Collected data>
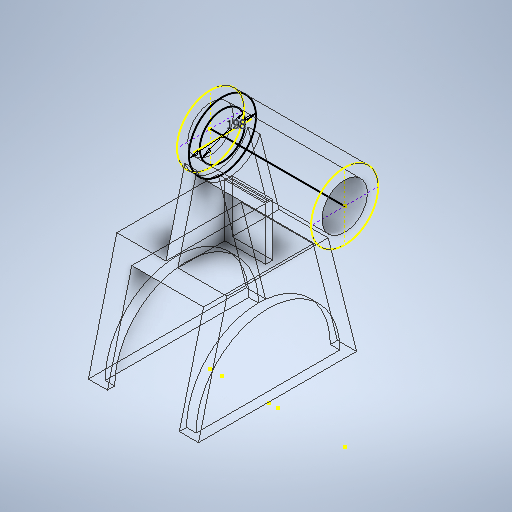
# Autodesk Inventor part: Bai_16
Saved by Autodesk Inventor 2025.1 (Build 291241000, 241)
## iProperties
Created: 2024-10-03
Part Number: Bai_16
Material: Generic
Document SubType Name: Modeling
Designer: msi
Density: 1 g/cm^3
Appearance: Default
Author: msi
Autodesk Inventor part; units mm, degrees
ref_plane "YZ Plane" through (0, 0, 0) normal (1, 0, 0) x (0, 1, 0)
ref_plane "XZ Plane" through (0, 0, 0) normal (0, 1, 0) x (-1, 0, 0)
ref_plane "XY Plane" through (0, 0, 0) normal (0, 0, 1) x (1, 0, 0)
sketch "Sketch1" plane through (0, 0, 0) normal (1, 0, 0) x (0, 1, 0)
  line L0 (0, 33) -> (0, -33)
  line L1 (47.2724, 0) -> (-31.6075, 0)
  line L2 (0, 33) -> (4, 33)
  line L3 (4, 33) -> (4, -33)
  line L4 (4, -33) -> (0, -33)
  line L5 (87, 12) -> (87, -12)
  line L6 (87, 12) -> (4, 33)
  line L7 (87, -12) -> (4, -33)
  line L8 (51, 21.1084) -> (51, -21.1084)
  circle A0 centre (4, 0) radius 24 construction
  circle A1 centre (4, 0) radius 30 construction
  arc A2 (4, -24) -> (4, 24) centre (4, 0) ccw
  arc A3 (4, -30) -> (4, 30) centre (4, 0) ccw
  point P0 (0, 0)
  dimension "d9" = 48
  dimension "d0" = 66
  dimension "d1" = 4
  dimension "d2" = 24
  dimension "d3" = 87
  dimension "d4" = 36
  dimension "d10" = 60
  constraints: 18 end point, 6 point on circle, 6 point on line, 4 horizontal, 4 vertical, 3 centre point, 3 coincident, 2 symmetric about line, 1 midpoint, 1 perpendicular, 1 vertical alignment, 3 other
  measures "d0" distance of L0.start L0.end
  measures "d1" distance of L0.start L2.end
  measures "d2" distance of L5.start L5.end
  measures "d3" distance between parallel lines of L0 L5
  measures "d4" distance between parallel lines of L8 L5
  measures "d10" diameter of A1
extrude "Extrusion1" add sketch "Sketch1" along normal mid plane 46 contours L6 L8 L7 L3 A3 | L3 A2 L1 | L1 A2 L3 | A3 L1 A2 L3 | L1 A3 L3 A2
extrude "Extrusion2" add sketch "Sketch1" along normal mid plane 5 contours L6 L5 L7 L8
sketch "Sketch2" plane through (0, 0, 0) normal (0, 0, 1) x (1, 0, 0)
  line L0 (-2.5, 87) -> (2.5, 87) projected
  line L1 (0, 87) -> (0, 0)
  line L2 (-15, 44) -> (15, 44)
  line L3 (15, 44) -> (15, 4)
  line L4 (15, 4) -> (-15, 4)
  line L5 (-15, 4) -> (-15, 44)
  line L6 (-23, 4) -> (23, 4) projected
  dimension "d13" = 30
  dimension "d14" = 40
  constraints: 10 end point, 2 collinear, 2 parallel, 1 horizontal, 1 midpoint, 1 perpendicular, 1 symmetric about line, 1 vertical
  measures "d13" distance of L2.start L2.end
  measures "d14" distance of L2.end L3.end
extrude "Extrusion4" cut sketch "Sketch2" along normal mid plane 66
sketch "Sketch3" plane through (0, 0, 0) normal (1, 0, 0) x (0, 1, 0)
  line L0 (87, -12) -> (87, 12) projected
  circle A0 centre (87, 0) radius 9.5
  circle A1 centre (87, 0) radius 14
  point P0 (0, 0)
  dimension "d17" = 19
  dimension "d18" = 28
  constraints: 2 centre point, 1 coincident, 1 midpoint
  measures "d17" diameter of A0
  measures "d18" diameter of A1
extrude "Extrusion5" add sketch "Sketch3" along normal blind 51 and the other way blind 5
sketch "Sketch4" plane through (0, 0, 0) normal (1, 0, 0) x (0, 1, 0)
  line L0 (87, 9.5) -> (87, -9.5) projected
  circle A0 centre (87, 0) radius 9.5
  point P0 (0, 0)
  constraints: 1 midpoint, 3 other
extrude "Extrusion6" cut sketch "Sketch4" along normal blind 51 and the other way blind 5 contours L0 A0 picked at (82.8782, 1.7989)
extrude "Extrusion7" cut sketch "Sketch1" along normal mid plane 38 contours L3 A2 L1 | L1 A2 L3 | A3 L1 A2 L3 | L1 A3 L3 A2
sketch "Sketch5" plane through (0, 0, 0) normal (0, 0, 1) x (1, 0, 0)
  line L0 (2.5, 73) -> (19.5, 73)
  line L1 (19.5, 73) -> (19.5, 51)
  line L2 (19.5, 51) -> (2.5, 51)
  line L3 (2.5, 51) -> (2.5, 73)
  line L4 (23, 51) -> (2.5, 51) construction
  line L5 (2.5, 51) -> (0, 51) construction
  line L6 (0, 87.0731) -> (77.1013, 87.0731) construction
  line L7 (0, 87.0731) -> (36, 87.0731)
  point P0 (0, 0)
  dimension "d29" = 22
  dimension "d30" = 17
  dimension "d31" = 36
  constraints: 14 end point, 3 horizontal, 2 parallel, 1 collinear, 1 perpendicular, 1 point on line
  measures "d29" distance of L0.end L1.end
  measures "d30" distance of L2.end L1.end
  measures "d31" distance of L6.start L7.end
extrude "Extrusion8" add sketch "Sketch5" along normal mid plane 3
sketch "Sketch6" plane through (19.5, 51, 1.5) normal (1, 0, 0) x (0, 0, -1)
  point P0 (1.5, -51)
sketch "Sketch7" plane through (-5, 87, 0) normal (-1, 0, 0) x (0, 0, 1)
  point P0 (0, -87)
sketch "Sketch8" plane through (0, 0, 0) normal (0, 0, 1) x (1, 0, 0)
  line L0 (-5, 101) -> (-5, 73) construction
  line L1 (-5, 87) -> (51, 87)
  line L2 (51, 73) -> (51, 101) construction
  point P0 (0, 0)
  constraints: 2 end point, 2 midpoint
sketch "Sketch9" plane through (23, 0, 0) normal (1, 0, 0) x (0, 0, -1)
  point P0 (0, 0)
sketch "Sketch10" plane through (51, 87, 0) normal (1, 0, 0) x (0, 0, -1)
  circle A0 centre (0, 0) radius 14 projected
  line L0 (-14, 0) -> (14, 0) construction
  point P0 (0, -87)
  constraints: 2 end point, 2 point on circle, 1 horizontal
sketch "Sketch11" plane through (-5, 87, 0) normal (-1, 0, 0) x (0, 0, 1)
  circle A0 centre (0, 0) radius 14 projected
  line L0 (-14, 0) -> (14, 0) construction
  point P0 (0, -87)
  constraints: 2 end point, 2 point on circle, 1 horizontal
body "Solid1"

The problem>
What you return must match the records above exactly, minus any images.

Completed task>
# Autodesk Inventor part: Bai_16
Saved by Autodesk Inventor 2025.1 (Build 291241000, 241)
## iProperties
Created: 2024-10-03
Part Number: Bai_16
Material: Generic
Document SubType Name: Modeling
Designer: msi
Density: 1 g/cm^3
Appearance: Default
Author: msi
Autodesk Inventor part; units mm, degrees
ref_plane "YZ Plane" through (0, 0, 0) normal (1, 0, 0) x (0, 1, 0)
ref_plane "XZ Plane" through (0, 0, 0) normal (0, 1, 0) x (-1, 0, 0)
ref_plane "XY Plane" through (0, 0, 0) normal (0, 0, 1) x (1, 0, 0)
sketch "Sketch1" plane through (0, 0, 0) normal (1, 0, 0) x (0, 1, 0)
  line L0 (0, 33) -> (0, -33)
  line L1 (47.2724, 0) -> (-31.6075, 0)
  line L2 (0, 33) -> (4, 33)
  line L3 (4, 33) -> (4, -33)
  line L4 (4, -33) -> (0, -33)
  line L5 (87, 12) -> (87, -12)
  line L6 (87, 12) -> (4, 33)
  line L7 (87, -12) -> (4, -33)
  line L8 (51, 21.1084) -> (51, -21.1084)
  circle A0 centre (4, 0) radius 24 construction
  circle A1 centre (4, 0) radius 30 construction
  arc A2 (4, -24) -> (4, 24) centre (4, 0) ccw
  arc A3 (4, -30) -> (4, 30) centre (4, 0) ccw
  point P0 (0, 0)
  dimension "d9" = 48
  dimension "d0" = 66
  dimension "d1" = 4
  dimension "d2" = 24
  dimension "d3" = 87
  dimension "d4" = 36
  dimension "d10" = 60
  constraints: 18 end point, 6 point on circle, 6 point on line, 4 horizontal, 4 vertical, 3 centre point, 3 coincident, 2 symmetric about line, 1 midpoint, 1 perpendicular, 1 vertical alignment, 3 other
  measures "d0" distance of L0.start L0.end
  measures "d1" distance of L0.start L2.end
  measures "d2" distance of L5.start L5.end
  measures "d3" distance between parallel lines of L0 L5
  measures "d4" distance between parallel lines of L8 L5
  measures "d10" diameter of A1
extrude "Extrusion1" add sketch "Sketch1" along normal mid plane 46 contours L6 L8 L7 L3 A3 | L3 A2 L1 | L1 A2 L3 | A3 L1 A2 L3 | L1 A3 L3 A2
extrude "Extrusion2" add sketch "Sketch1" along normal mid plane 5 contours L6 L5 L7 L8
sketch "Sketch2" plane through (0, 0, 0) normal (0, 0, 1) x (1, 0, 0)
  line L0 (-2.5, 87) -> (2.5, 87) projected
  line L1 (0, 87) -> (0, 0)
  line L2 (-15, 44) -> (15, 44)
  line L3 (15, 44) -> (15, 4)
  line L4 (15, 4) -> (-15, 4)
  line L5 (-15, 4) -> (-15, 44)
  line L6 (-23, 4) -> (23, 4) projected
  dimension "d13" = 30
  dimension "d14" = 40
  constraints: 10 end point, 2 collinear, 2 parallel, 1 horizontal, 1 midpoint, 1 perpendicular, 1 symmetric about line, 1 vertical
  measures "d13" distance of L2.start L2.end
  measures "d14" distance of L2.end L3.end
extrude "Extrusion4" cut sketch "Sketch2" along normal mid plane 66
sketch "Sketch3" plane through (0, 0, 0) normal (1, 0, 0) x (0, 1, 0)
  line L0 (87, -12) -> (87, 12) projected
  circle A0 centre (87, 0) radius 9.5
  circle A1 centre (87, 0) radius 14
  point P0 (0, 0)
  dimension "d17" = 19
  dimension "d18" = 28
  constraints: 2 centre point, 1 coincident, 1 midpoint
  measures "d17" diameter of A0
  measures "d18" diameter of A1
extrude "Extrusion5" add sketch "Sketch3" along normal blind 51 and the other way blind 5
sketch "Sketch4" plane through (0, 0, 0) normal (1, 0, 0) x (0, 1, 0)
  line L0 (87, 9.5) -> (87, -9.5) projected
  circle A0 centre (87, 0) radius 9.5
  point P0 (0, 0)
  constraints: 1 midpoint, 3 other
extrude "Extrusion6" cut sketch "Sketch4" along normal blind 51 and the other way blind 5 contours L0 A0 picked at (82.8782, 1.7989)
extrude "Extrusion7" cut sketch "Sketch1" along normal mid plane 38 contours L3 A2 L1 | L1 A2 L3 | A3 L1 A2 L3 | L1 A3 L3 A2
sketch "Sketch5" plane through (0, 0, 0) normal (0, 0, 1) x (1, 0, 0)
  line L0 (2.5, 73) -> (19.5, 73)
  line L1 (19.5, 73) -> (19.5, 51)
  line L2 (19.5, 51) -> (2.5, 51)
  line L3 (2.5, 51) -> (2.5, 73)
  line L4 (23, 51) -> (2.5, 51) construction
  line L5 (2.5, 51) -> (0, 51) construction
  line L6 (0, 87.0731) -> (77.1013, 87.0731) construction
  line L7 (0, 87.0731) -> (36, 87.0731)
  point P0 (0, 0)
  dimension "d29" = 22
  dimension "d30" = 17
  dimension "d31" = 36
  constraints: 14 end point, 3 horizontal, 2 parallel, 1 collinear, 1 perpendicular, 1 point on line
  measures "d29" distance of L0.end L1.end
  measures "d30" distance of L2.end L1.end
  measures "d31" distance of L6.start L7.end
extrude "Extrusion8" add sketch "Sketch5" along normal mid plane 3
sketch "Sketch6" plane through (19.5, 51, 1.5) normal (1, 0, 0) x (0, 0, -1)
  point P0 (1.5, -51)
sketch "Sketch7" plane through (-5, 87, 0) normal (-1, 0, 0) x (0, 0, 1)
  point P0 (0, -87)
sketch "Sketch8" plane through (0, 0, 0) normal (0, 0, 1) x (1, 0, 0)
  line L0 (-5, 101) -> (-5, 73) construction
  line L1 (-5, 87) -> (51, 87)
  line L2 (51, 73) -> (51, 101) construction
  point P0 (0, 0)
  constraints: 2 end point, 2 midpoint
sketch "Sketch9" plane through (23, 0, 0) normal (1, 0, 0) x (0, 0, -1)
  point P0 (0, 0)
sketch "Sketch10" plane through (51, 87, 0) normal (1, 0, 0) x (0, 0, -1)
  circle A0 centre (0, 0) radius 14 projected
  line L0 (-14, 0) -> (14, 0) construction
  point P0 (0, -87)
  constraints: 2 end point, 2 point on circle, 1 horizontal
sketch "Sketch11" plane through (-5, 87, 0) normal (-1, 0, 0) x (0, 0, 1)
  circle A0 centre (0, 0) radius 14 projected
  line L0 (-14, 0) -> (14, 0) construction
  point P0 (0, -87)
  constraints: 2 end point, 2 point on circle, 1 horizontal
body "Solid1"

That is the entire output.